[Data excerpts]
———

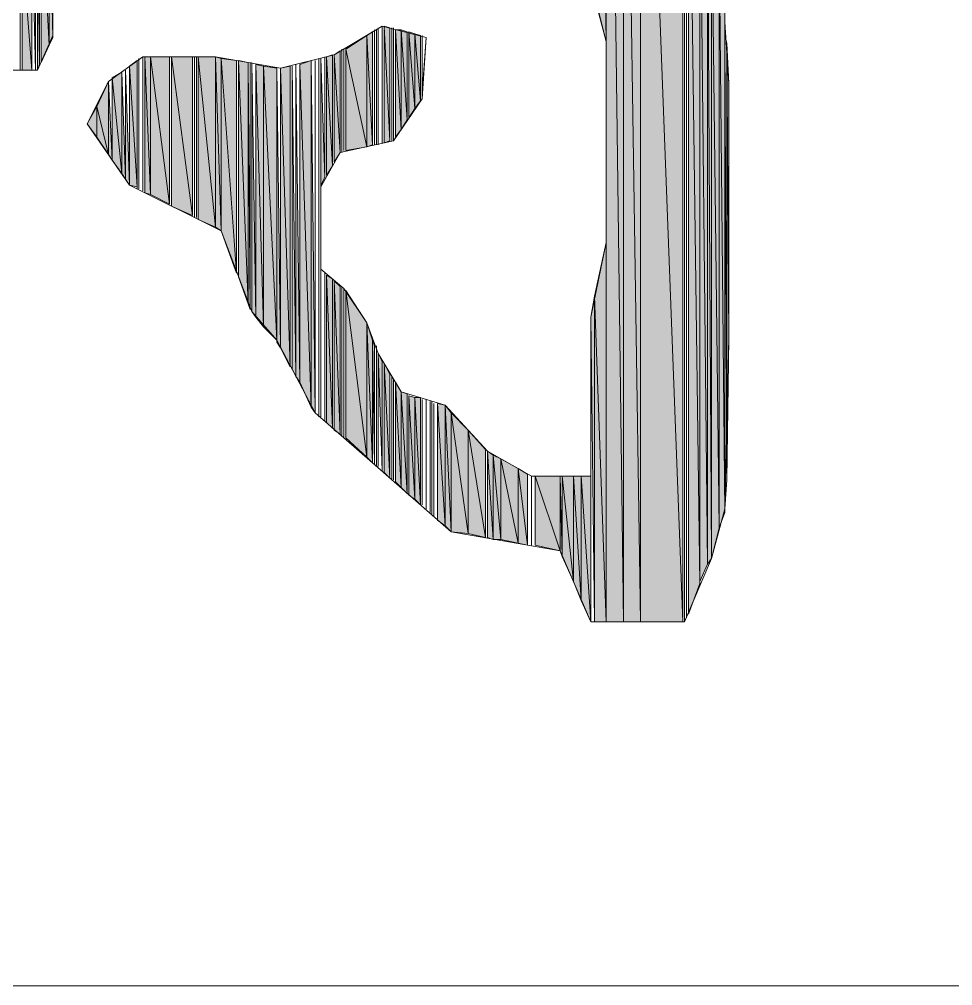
# Model space of a CAD drawing. Header units: millimetres. Extents: x -30643 to 86172, y -19411 to 63186.
# Drawn here: x 82654.3 to 82997.4, y 258.6 to 613.6 of the extents above; entities that cross this region are included whole.
import ezdxf

# ---------------------------------------------------------------- set-up
doc = ezdxf.new("R2010")
doc.units = ezdxf.units.MM

msp = doc.modelspace()

# ---------------------------------------------------------------- hatches: boundary and pattern name
h = msp.add_hatch(color=0)
h.dxf.hatch_style = 2
h.paths.add_polyline_path([(82865.78, 621.67), (82870, 605.48), (82865.78, 884.84)])
h = msp.add_hatch(color=0)
h.dxf.hatch_style = 2
h.paths.add_polyline_path([(82870, 605.48), (82870, 884.84), (82865.78, 884.84)])
h = msp.add_hatch(color=0)
h.dxf.hatch_style = 2
h.paths.add_polyline_path([(82870, 392.27), (82876.33, 392.27), (82870, 884.84)])
h = msp.add_hatch(color=0)
h.dxf.hatch_style = 2
h.paths.add_polyline_path([(82876.33, 392.27), (82876.33, 884.84), (82870, 884.84)])
h = msp.add_hatch(color=0)
h.dxf.hatch_style = 2
h.paths.add_polyline_path([(82876.33, 392.27), (82882.66, 392.27), (82876.33, 805.33)])
h = msp.add_hatch(color=0)
h.dxf.hatch_style = 2
h.paths.add_polyline_path([(82882.66, 392.27), (82882.66, 803.22), (82876.33, 805.33)])
h = msp.add_hatch(color=0)
h.dxf.hatch_style = 2
h.paths.add_polyline_path([(82882.66, 392.27), (82898.14, 392.27), (82882.66, 803.22)])
h = msp.add_hatch(color=0)
h.dxf.hatch_style = 2
h.paths.add_polyline_path([(82898.14, 392.27), (82898.14, 797.59), (82882.66, 803.22)])
h = msp.add_hatch(color=0)
h.dxf.hatch_style = 2
h.paths.add_polyline_path([(82900.26, 395.08), (82904.48, 406.34), (82900.26, 719.48)])
h = msp.add_hatch(color=0)
h.dxf.hatch_style = 2
h.paths.add_polyline_path([(82904.48, 406.34), (82904.48, 719.48), (82900.26, 719.48)])
h = msp.add_hatch(color=0)
h.dxf.hatch_style = 2
h.paths.add_polyline_path([(82904.48, 407.04), (82907.29, 413.38), (82904.48, 682.89)])
h = msp.add_hatch(color=0)
h.dxf.hatch_style = 2
h.paths.add_polyline_path([(82907.29, 413.38), (82907.29, 668.81), (82904.48, 682.89)])
h = msp.add_hatch(color=0)
h.dxf.hatch_style = 2
h.paths.add_polyline_path([(82666.63, 606.89), (82666.63, 673.74), (82665.23, 669.52)])
h = msp.add_hatch(color=0)
h.dxf.hatch_style = 2
h.paths.add_polyline_path([(82665.23, 604.07), (82665.23, 669.52), (82662.41, 660.37)])
h = msp.add_hatch(color=0)
h.dxf.hatch_style = 2
h.paths.add_polyline_path([(82665.23, 604.07), (82666.63, 606.89), (82665.23, 669.52)])
h = msp.add_hatch(color=0)
h.dxf.hatch_style = 2
h.paths.add_polyline_path([(82907.29, 413.38), (82908.7, 415.49), (82907.29, 668.81)])
h = msp.add_hatch(color=0)
h.dxf.hatch_style = 2
h.paths.add_polyline_path([(82908.7, 415.49), (82908.7, 663.89), (82907.29, 668.81)])
h = msp.add_hatch(color=0)
h.dxf.hatch_style = 2
h.paths.add_polyline_path([(82908.7, 415.49), (82911.51, 426.75), (82908.7, 663.89)])
h = msp.add_hatch(color=0)
h.dxf.hatch_style = 2
h.paths.add_polyline_path([(82911.51, 426.75), (82911.51, 646.3), (82908.7, 663.89)])
h = msp.add_hatch(color=0)
h.dxf.hatch_style = 2
h.paths.add_polyline_path([(82662.41, 597.74), (82665.23, 604.07), (82662.41, 660.37)])
h = msp.add_hatch(color=0)
h.dxf.hatch_style = 2
h.paths.add_polyline_path([(82661.71, 597.04), (82661.71, 658.96), (82661, 655.44)])
h = msp.add_hatch(color=0)
h.dxf.hatch_style = 2
h.paths.add_polyline_path([(82660.3, 594.93), (82660.3, 654.74), (82658.89, 650.52)])
h = msp.add_hatch(color=0)
h.dxf.hatch_style = 2
h.paths.add_polyline_path([(82661, 594.93), (82661.71, 597.04), (82661, 655.44)])
h = msp.add_hatch(color=0)
h.dxf.hatch_style = 2
h.paths.add_polyline_path([(82658.89, 594.93), (82658.89, 650.52), (82655.38, 640.67)])
h = msp.add_hatch(color=0)
h.dxf.hatch_style = 2
h.paths.add_polyline_path([(82911.51, 426.75), (82913.63, 432.38), (82911.51, 646.3)])
h = msp.add_hatch(color=0)
h.dxf.hatch_style = 2
h.paths.add_polyline_path([(82913.63, 432.38), (82913.63, 637.15), (82911.51, 646.3)])
h = msp.add_hatch(color=0)
h.dxf.hatch_style = 2
h.paths.add_polyline_path([(82655.38, 594.93), (82655.38, 640.67), (82655.38, 638.56)])
h = msp.add_hatch(color=0)
h.dxf.hatch_style = 2
h.paths.add_polyline_path([(82655.38, 594.93), (82658.89, 594.93), (82655.38, 640.67)])
h = msp.add_hatch(color=0)
h.dxf.hatch_style = 2
h.paths.add_polyline_path([(82788.37, 568.19), (82790.48, 568.89), (82788.37, 611.11)])
h = msp.add_hatch(color=0)
h.dxf.hatch_style = 2
h.paths.add_polyline_path([(82790.48, 568.89), (82790.48, 610.41), (82788.37, 611.11)])
h = msp.add_hatch(color=0)
h.dxf.hatch_style = 2
h.paths.add_polyline_path([(82913.63, 433.78), (82913.63, 607.59), (82913.63, 612.52)])
h = msp.add_hatch(color=0)
h.dxf.hatch_style = 2
h.paths.add_polyline_path([(82782.04, 566.78), (82782.04, 607.59), (82774.3, 602.67)])
h = msp.add_hatch(color=0)
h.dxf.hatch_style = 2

———

> [About this task]: Without altering anything, output all the lines above but none of the images.

> [Result below]:
# Model space of a CAD drawing. Header units: millimetres. Extents: x -30643 to 86172, y -19411 to 63186.
# Drawn here: x 82654.3 to 82997.4, y 258.6 to 613.6 of the extents above; entities that cross this region are included whole.
import ezdxf

# ---------------------------------------------------------------- set-up
doc = ezdxf.new("R2010")
doc.units = ezdxf.units.MM

msp = doc.modelspace()

# ---------------------------------------------------------------- hatches: boundary and pattern name
h = msp.add_hatch(color=0)
h.dxf.hatch_style = 2
h.paths.add_polyline_path([(82865.78, 621.67), (82870, 605.48), (82865.78, 884.84)])
h = msp.add_hatch(color=0)
h.dxf.hatch_style = 2
h.paths.add_polyline_path([(82870, 605.48), (82870, 884.84), (82865.78, 884.84)])
h = msp.add_hatch(color=0)
h.dxf.hatch_style = 2
h.paths.add_polyline_path([(82870, 392.27), (82876.33, 392.27), (82870, 884.84)])
h = msp.add_hatch(color=0)
h.dxf.hatch_style = 2
h.paths.add_polyline_path([(82876.33, 392.27), (82876.33, 884.84), (82870, 884.84)])
h = msp.add_hatch(color=0)
h.dxf.hatch_style = 2
h.paths.add_polyline_path([(82876.33, 392.27), (82882.66, 392.27), (82876.33, 805.33)])
h = msp.add_hatch(color=0)
h.dxf.hatch_style = 2
h.paths.add_polyline_path([(82882.66, 392.27), (82882.66, 803.22), (82876.33, 805.33)])
h = msp.add_hatch(color=0)
h.dxf.hatch_style = 2
h.paths.add_polyline_path([(82882.66, 392.27), (82898.14, 392.27), (82882.66, 803.22)])
h = msp.add_hatch(color=0)
h.dxf.hatch_style = 2
h.paths.add_polyline_path([(82898.14, 392.27), (82898.14, 797.59), (82882.66, 803.22)])
h = msp.add_hatch(color=0)
h.dxf.hatch_style = 2
h.paths.add_polyline_path([(82900.26, 395.08), (82904.48, 406.34), (82900.26, 719.48)])
h = msp.add_hatch(color=0)
h.dxf.hatch_style = 2
h.paths.add_polyline_path([(82904.48, 406.34), (82904.48, 719.48), (82900.26, 719.48)])
h = msp.add_hatch(color=0)
h.dxf.hatch_style = 2
h.paths.add_polyline_path([(82904.48, 407.04), (82907.29, 413.38), (82904.48, 682.89)])
h = msp.add_hatch(color=0)
h.dxf.hatch_style = 2
h.paths.add_polyline_path([(82907.29, 413.38), (82907.29, 668.81), (82904.48, 682.89)])
h = msp.add_hatch(color=0)
h.dxf.hatch_style = 2
h.paths.add_polyline_path([(82666.63, 606.89), (82666.63, 673.74), (82665.23, 669.52)])
h = msp.add_hatch(color=0)
h.dxf.hatch_style = 2
h.paths.add_polyline_path([(82665.23, 604.07), (82665.23, 669.52), (82662.41, 660.37)])
h = msp.add_hatch(color=0)
h.dxf.hatch_style = 2
h.paths.add_polyline_path([(82665.23, 604.07), (82666.63, 606.89), (82665.23, 669.52)])
h = msp.add_hatch(color=0)
h.dxf.hatch_style = 2
h.paths.add_polyline_path([(82907.29, 413.38), (82908.7, 415.49), (82907.29, 668.81)])
h = msp.add_hatch(color=0)
h.dxf.hatch_style = 2
h.paths.add_polyline_path([(82908.7, 415.49), (82908.7, 663.89), (82907.29, 668.81)])
h = msp.add_hatch(color=0)
h.dxf.hatch_style = 2
h.paths.add_polyline_path([(82908.7, 415.49), (82911.51, 426.75), (82908.7, 663.89)])
h = msp.add_hatch(color=0)
h.dxf.hatch_style = 2
h.paths.add_polyline_path([(82911.51, 426.75), (82911.51, 646.3), (82908.7, 663.89)])
h = msp.add_hatch(color=0)
h.dxf.hatch_style = 2
h.paths.add_polyline_path([(82662.41, 597.74), (82665.23, 604.07), (82662.41, 660.37)])
h = msp.add_hatch(color=0)
h.dxf.hatch_style = 2
h.paths.add_polyline_path([(82661.71, 597.04), (82661.71, 658.96), (82661, 655.44)])
h = msp.add_hatch(color=0)
h.dxf.hatch_style = 2
h.paths.add_polyline_path([(82660.3, 594.93), (82660.3, 654.74), (82658.89, 650.52)])
h = msp.add_hatch(color=0)
h.dxf.hatch_style = 2
h.paths.add_polyline_path([(82661, 594.93), (82661.71, 597.04), (82661, 655.44)])
h = msp.add_hatch(color=0)
h.dxf.hatch_style = 2
h.paths.add_polyline_path([(82658.89, 594.93), (82658.89, 650.52), (82655.38, 640.67)])
h = msp.add_hatch(color=0)
h.dxf.hatch_style = 2
h.paths.add_polyline_path([(82911.51, 426.75), (82913.63, 432.38), (82911.51, 646.3)])
h = msp.add_hatch(color=0)
h.dxf.hatch_style = 2
h.paths.add_polyline_path([(82913.63, 432.38), (82913.63, 637.15), (82911.51, 646.3)])
h = msp.add_hatch(color=0)
h.dxf.hatch_style = 2
h.paths.add_polyline_path([(82655.38, 594.93), (82655.38, 640.67), (82655.38, 638.56)])
h = msp.add_hatch(color=0)
h.dxf.hatch_style = 2
h.paths.add_polyline_path([(82655.38, 594.93), (82658.89, 594.93), (82655.38, 640.67)])
h = msp.add_hatch(color=0)
h.dxf.hatch_style = 2
h.paths.add_polyline_path([(82788.37, 568.19), (82790.48, 568.89), (82788.37, 611.11)])
h = msp.add_hatch(color=0)
h.dxf.hatch_style = 2
h.paths.add_polyline_path([(82790.48, 568.89), (82790.48, 610.41), (82788.37, 611.11)])
h = msp.add_hatch(color=0)
h.dxf.hatch_style = 2
h.paths.add_polyline_path([(82913.63, 433.78), (82913.63, 607.59), (82913.63, 612.52)])
h = msp.add_hatch(color=0)
h.dxf.hatch_style = 2
h.paths.add_polyline_path([(82782.04, 566.78), (82782.04, 607.59), (82774.3, 602.67)])
h = msp.add_hatch(color=0)
h.dxf.hatch_style = 2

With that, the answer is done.